Directions for this task: Once you have counted the lines below that contain "fixdt", give that number and nothing else.

Records:
------------------------------------
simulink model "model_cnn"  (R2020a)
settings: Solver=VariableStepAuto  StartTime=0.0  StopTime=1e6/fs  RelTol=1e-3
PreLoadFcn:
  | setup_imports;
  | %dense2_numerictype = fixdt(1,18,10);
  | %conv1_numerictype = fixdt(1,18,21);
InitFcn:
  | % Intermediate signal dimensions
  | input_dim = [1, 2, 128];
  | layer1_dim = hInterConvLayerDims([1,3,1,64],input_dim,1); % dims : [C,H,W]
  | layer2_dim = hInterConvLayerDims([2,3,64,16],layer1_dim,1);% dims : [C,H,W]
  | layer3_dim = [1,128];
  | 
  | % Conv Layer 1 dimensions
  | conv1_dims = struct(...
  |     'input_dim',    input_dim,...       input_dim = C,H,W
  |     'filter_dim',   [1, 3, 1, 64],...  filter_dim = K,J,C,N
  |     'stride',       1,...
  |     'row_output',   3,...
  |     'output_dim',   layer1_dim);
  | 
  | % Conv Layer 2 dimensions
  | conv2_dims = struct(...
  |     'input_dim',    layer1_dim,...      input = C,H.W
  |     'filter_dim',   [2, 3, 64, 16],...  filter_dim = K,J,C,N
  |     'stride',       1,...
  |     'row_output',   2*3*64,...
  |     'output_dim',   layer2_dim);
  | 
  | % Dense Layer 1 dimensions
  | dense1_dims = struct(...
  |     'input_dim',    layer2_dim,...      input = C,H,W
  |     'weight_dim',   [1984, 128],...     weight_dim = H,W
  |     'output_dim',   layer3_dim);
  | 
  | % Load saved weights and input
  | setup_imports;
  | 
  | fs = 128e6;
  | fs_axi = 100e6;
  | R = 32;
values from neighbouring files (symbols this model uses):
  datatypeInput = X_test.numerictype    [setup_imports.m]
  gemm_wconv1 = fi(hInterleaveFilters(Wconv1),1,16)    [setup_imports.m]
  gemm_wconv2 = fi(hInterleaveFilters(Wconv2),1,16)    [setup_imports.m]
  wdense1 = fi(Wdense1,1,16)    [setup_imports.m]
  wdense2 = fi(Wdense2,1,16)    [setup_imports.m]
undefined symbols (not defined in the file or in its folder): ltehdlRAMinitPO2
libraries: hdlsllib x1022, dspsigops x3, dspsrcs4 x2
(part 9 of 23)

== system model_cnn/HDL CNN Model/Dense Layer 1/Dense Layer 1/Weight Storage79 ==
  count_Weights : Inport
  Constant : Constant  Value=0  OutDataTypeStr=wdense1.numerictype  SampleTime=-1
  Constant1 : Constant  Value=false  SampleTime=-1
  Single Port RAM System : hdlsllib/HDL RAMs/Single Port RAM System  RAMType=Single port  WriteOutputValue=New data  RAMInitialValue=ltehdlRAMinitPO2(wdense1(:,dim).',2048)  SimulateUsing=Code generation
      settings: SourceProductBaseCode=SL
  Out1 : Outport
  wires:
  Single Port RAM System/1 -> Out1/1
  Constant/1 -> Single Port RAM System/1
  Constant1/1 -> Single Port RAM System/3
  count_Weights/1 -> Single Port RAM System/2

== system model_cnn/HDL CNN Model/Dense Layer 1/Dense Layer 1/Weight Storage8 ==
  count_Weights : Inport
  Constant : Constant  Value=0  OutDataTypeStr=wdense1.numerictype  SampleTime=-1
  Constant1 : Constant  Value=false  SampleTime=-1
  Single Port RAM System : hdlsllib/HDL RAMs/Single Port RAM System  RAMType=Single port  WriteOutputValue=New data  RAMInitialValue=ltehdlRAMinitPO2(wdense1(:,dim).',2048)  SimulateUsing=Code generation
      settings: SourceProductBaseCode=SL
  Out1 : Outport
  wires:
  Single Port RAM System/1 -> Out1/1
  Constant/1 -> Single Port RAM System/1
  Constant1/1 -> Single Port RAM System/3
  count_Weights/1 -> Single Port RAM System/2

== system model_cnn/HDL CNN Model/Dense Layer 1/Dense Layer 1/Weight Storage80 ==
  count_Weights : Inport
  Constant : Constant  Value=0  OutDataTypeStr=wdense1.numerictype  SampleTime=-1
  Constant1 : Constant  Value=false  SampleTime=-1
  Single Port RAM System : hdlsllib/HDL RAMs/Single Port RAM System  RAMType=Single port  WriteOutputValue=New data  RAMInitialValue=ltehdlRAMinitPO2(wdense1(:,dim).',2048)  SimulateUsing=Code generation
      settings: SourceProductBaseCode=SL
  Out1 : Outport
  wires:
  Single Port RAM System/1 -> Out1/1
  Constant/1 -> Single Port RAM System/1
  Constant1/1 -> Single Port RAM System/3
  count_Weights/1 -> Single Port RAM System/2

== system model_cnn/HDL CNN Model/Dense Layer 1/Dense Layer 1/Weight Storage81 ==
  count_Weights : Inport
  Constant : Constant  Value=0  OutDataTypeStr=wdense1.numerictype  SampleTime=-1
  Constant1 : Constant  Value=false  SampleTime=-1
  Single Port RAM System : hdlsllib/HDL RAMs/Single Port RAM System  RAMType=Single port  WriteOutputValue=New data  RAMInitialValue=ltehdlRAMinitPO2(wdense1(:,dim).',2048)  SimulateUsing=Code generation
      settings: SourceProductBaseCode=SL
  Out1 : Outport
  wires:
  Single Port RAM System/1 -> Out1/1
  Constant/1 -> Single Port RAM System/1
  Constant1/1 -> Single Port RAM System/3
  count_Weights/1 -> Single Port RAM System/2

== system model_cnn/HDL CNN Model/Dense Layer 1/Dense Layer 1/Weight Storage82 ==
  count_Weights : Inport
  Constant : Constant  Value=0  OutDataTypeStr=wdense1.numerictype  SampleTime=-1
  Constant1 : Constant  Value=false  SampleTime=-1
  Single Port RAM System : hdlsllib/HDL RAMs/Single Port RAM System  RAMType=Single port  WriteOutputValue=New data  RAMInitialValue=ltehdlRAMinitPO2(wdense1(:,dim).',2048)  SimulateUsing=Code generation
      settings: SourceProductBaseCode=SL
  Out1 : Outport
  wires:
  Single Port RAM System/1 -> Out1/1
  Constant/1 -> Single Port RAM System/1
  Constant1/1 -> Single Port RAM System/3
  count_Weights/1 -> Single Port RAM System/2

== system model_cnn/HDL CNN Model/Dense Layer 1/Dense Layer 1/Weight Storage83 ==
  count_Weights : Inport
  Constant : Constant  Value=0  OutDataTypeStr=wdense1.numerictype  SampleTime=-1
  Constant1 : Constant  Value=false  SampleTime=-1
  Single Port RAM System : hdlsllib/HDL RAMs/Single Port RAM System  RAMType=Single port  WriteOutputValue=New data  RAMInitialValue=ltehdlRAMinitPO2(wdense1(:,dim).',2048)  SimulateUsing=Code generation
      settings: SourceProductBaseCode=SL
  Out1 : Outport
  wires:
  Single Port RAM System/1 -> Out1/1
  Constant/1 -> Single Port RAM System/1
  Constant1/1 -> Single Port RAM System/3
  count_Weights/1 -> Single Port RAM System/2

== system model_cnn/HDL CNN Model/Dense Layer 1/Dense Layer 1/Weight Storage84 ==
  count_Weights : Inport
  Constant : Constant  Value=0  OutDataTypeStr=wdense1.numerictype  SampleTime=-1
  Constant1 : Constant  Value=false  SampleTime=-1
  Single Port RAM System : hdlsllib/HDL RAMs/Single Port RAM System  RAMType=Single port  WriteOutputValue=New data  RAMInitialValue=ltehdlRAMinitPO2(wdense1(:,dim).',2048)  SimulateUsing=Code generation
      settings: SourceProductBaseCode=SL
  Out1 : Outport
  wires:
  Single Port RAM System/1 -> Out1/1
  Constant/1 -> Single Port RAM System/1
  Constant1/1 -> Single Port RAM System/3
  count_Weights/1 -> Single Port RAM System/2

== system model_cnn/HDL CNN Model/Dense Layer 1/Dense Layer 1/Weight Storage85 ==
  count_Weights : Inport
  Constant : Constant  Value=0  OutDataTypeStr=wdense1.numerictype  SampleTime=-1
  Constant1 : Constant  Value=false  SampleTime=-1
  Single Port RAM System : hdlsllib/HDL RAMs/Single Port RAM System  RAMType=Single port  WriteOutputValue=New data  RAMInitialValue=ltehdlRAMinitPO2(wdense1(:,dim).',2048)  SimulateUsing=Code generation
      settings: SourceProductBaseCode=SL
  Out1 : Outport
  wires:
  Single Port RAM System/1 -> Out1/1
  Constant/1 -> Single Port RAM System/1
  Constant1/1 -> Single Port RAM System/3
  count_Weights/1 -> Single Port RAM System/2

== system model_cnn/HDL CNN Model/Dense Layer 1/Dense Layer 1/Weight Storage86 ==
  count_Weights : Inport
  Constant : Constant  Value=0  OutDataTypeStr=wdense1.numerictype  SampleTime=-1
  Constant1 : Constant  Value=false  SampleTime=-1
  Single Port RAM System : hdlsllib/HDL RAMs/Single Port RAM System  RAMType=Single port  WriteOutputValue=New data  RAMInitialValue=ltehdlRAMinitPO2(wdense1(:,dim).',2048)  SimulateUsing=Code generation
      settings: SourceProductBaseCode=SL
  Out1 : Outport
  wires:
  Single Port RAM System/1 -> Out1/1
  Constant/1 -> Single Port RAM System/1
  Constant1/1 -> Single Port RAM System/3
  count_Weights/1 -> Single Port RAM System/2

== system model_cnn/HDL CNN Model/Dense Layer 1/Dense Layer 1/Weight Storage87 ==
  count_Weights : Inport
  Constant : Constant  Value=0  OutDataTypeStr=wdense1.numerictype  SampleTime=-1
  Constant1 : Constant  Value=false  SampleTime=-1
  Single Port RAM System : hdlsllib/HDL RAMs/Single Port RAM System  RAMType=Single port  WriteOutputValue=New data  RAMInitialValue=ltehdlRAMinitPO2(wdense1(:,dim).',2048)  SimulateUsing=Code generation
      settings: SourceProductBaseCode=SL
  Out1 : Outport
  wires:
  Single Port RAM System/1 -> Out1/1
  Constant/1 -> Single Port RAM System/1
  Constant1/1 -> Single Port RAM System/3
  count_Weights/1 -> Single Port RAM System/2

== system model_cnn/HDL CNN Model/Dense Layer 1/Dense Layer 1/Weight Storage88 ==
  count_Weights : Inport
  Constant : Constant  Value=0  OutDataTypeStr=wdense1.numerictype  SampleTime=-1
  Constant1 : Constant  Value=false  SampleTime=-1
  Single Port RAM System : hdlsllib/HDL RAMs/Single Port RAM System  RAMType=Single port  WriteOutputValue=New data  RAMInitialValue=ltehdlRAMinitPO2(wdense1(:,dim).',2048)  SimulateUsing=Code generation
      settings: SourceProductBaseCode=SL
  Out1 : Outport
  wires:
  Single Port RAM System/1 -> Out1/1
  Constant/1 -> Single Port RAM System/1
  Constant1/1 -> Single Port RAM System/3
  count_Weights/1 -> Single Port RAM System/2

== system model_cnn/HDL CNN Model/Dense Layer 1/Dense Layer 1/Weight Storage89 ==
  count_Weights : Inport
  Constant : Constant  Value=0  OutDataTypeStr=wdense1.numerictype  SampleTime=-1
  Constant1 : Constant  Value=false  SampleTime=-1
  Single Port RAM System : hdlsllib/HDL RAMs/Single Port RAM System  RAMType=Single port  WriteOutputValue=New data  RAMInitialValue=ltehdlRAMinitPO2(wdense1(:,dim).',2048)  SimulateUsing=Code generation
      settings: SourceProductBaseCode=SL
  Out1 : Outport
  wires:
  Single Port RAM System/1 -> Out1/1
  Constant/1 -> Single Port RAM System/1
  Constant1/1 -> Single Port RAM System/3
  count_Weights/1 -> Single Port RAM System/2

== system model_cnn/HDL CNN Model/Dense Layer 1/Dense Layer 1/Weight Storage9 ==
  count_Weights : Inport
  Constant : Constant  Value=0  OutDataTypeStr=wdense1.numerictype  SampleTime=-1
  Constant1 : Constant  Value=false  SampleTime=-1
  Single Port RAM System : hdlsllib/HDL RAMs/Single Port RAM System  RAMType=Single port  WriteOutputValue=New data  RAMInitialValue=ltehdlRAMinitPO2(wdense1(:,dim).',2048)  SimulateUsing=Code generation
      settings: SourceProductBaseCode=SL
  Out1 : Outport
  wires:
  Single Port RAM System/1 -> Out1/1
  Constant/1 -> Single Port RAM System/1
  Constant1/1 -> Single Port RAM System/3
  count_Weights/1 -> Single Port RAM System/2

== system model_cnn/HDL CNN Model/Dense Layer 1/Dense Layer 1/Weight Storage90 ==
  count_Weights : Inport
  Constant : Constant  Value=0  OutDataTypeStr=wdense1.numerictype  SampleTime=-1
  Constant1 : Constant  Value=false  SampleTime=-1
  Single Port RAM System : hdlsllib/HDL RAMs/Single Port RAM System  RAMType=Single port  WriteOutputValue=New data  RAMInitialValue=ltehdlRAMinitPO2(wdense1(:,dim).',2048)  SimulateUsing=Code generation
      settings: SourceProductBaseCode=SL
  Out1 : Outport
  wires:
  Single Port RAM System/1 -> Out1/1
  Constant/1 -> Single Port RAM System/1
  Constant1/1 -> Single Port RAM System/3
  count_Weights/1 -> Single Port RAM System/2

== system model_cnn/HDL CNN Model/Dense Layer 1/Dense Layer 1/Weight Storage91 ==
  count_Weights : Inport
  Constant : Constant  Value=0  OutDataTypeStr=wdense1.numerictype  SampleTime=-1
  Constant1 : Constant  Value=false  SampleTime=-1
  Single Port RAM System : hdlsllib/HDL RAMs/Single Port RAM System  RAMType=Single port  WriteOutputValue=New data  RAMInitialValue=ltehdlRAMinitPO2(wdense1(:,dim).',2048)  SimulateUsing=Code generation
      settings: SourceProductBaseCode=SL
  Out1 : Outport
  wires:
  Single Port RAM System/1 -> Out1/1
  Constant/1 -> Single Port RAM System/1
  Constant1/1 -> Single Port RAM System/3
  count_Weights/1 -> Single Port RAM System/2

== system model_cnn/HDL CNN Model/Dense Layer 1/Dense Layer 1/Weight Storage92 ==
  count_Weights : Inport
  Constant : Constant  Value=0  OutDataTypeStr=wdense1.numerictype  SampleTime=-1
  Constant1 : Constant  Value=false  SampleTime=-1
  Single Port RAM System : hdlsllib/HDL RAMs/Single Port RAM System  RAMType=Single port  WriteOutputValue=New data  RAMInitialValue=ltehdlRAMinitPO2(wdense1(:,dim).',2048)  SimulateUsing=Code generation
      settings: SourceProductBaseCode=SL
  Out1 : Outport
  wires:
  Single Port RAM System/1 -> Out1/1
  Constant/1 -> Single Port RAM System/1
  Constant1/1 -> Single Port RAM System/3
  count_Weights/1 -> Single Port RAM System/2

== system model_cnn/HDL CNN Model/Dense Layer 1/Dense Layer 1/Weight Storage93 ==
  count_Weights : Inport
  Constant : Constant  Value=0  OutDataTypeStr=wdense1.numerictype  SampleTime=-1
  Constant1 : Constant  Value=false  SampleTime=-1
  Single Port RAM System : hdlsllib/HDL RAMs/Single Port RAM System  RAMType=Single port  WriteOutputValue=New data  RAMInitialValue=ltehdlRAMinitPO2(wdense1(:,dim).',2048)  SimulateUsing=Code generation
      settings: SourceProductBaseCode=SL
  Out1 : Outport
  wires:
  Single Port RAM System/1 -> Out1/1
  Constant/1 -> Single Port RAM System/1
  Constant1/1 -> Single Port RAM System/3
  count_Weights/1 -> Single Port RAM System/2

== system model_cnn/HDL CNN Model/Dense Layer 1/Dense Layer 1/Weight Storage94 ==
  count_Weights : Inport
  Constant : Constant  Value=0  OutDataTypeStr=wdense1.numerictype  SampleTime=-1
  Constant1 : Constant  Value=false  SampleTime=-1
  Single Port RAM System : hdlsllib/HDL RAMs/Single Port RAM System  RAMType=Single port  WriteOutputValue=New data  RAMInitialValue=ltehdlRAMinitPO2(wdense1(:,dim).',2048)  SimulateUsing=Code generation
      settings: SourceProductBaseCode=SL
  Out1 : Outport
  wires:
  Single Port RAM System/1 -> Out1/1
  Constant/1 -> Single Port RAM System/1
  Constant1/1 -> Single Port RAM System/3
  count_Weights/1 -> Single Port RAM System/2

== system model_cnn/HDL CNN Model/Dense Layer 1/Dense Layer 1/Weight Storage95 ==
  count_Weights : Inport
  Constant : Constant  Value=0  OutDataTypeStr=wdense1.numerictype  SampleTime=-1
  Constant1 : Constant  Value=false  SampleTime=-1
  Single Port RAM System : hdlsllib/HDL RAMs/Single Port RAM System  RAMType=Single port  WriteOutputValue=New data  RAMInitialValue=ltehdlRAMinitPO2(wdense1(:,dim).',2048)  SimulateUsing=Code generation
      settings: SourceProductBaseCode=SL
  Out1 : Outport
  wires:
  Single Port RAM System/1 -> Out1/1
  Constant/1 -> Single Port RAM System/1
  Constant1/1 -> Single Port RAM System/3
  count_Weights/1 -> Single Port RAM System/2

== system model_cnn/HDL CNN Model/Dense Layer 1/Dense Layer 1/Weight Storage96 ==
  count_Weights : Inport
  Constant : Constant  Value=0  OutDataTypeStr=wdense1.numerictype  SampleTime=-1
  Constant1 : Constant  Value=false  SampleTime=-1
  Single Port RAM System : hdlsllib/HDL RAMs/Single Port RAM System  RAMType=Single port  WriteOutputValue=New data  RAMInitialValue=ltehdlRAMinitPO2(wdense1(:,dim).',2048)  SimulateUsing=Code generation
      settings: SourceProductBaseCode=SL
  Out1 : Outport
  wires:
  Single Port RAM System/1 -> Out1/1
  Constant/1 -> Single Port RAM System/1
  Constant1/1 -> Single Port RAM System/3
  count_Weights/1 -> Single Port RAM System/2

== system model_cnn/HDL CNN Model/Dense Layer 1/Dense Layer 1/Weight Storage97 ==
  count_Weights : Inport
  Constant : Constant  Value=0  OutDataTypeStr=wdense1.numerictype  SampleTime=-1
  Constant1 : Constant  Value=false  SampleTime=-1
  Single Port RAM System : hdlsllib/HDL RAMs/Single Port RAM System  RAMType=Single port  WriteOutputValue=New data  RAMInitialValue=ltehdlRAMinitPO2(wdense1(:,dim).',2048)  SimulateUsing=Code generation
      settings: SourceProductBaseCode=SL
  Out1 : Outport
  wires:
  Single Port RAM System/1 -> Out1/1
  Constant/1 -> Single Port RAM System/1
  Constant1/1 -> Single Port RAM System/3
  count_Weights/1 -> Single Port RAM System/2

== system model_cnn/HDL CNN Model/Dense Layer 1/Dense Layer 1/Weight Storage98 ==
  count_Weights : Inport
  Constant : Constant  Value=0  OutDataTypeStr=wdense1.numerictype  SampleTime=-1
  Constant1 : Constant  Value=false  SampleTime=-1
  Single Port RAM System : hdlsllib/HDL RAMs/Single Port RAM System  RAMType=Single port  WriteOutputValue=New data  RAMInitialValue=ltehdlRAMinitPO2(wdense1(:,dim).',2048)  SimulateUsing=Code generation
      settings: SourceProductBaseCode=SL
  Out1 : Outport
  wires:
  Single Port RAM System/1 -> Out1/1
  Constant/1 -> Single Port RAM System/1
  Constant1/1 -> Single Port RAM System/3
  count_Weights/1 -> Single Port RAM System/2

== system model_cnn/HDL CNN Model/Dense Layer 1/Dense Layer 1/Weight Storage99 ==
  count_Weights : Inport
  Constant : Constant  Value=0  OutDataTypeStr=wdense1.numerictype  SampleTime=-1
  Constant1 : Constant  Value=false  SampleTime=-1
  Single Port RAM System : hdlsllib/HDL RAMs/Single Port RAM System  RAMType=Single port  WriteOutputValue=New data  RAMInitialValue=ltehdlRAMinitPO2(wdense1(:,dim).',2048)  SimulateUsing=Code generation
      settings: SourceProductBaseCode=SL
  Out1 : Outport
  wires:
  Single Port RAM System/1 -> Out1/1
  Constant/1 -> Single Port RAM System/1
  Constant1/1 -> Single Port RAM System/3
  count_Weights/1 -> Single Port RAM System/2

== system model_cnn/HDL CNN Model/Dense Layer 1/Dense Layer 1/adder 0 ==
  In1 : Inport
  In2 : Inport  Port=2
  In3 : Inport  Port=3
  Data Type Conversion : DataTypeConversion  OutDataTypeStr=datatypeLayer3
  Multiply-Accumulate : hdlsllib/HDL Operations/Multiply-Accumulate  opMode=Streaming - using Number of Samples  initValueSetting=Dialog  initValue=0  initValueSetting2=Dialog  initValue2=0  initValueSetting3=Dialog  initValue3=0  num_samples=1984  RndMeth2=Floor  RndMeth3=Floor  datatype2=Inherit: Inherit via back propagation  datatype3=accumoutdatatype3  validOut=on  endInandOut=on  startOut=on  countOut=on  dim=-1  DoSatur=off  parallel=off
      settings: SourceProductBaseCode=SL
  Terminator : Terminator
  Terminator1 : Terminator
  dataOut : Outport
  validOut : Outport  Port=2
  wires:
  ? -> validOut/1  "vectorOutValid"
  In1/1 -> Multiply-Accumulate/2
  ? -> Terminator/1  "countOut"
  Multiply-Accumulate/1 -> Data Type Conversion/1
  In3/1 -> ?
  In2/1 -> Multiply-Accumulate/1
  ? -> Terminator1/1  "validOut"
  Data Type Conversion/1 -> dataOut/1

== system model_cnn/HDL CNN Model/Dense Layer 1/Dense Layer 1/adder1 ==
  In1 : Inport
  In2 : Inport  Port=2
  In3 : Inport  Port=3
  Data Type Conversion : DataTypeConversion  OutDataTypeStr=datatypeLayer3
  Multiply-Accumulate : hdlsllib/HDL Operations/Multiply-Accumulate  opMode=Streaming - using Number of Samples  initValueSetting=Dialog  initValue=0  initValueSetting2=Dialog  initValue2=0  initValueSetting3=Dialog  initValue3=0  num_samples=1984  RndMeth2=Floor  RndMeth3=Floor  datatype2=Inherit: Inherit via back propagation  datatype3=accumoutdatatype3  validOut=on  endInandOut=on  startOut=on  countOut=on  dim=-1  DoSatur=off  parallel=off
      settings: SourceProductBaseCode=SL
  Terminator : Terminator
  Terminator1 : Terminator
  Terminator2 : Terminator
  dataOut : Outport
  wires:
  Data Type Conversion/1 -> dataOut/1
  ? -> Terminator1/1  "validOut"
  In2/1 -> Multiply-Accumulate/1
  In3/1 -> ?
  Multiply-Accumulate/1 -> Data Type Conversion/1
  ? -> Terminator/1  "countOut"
------------------------------------
Your response: 2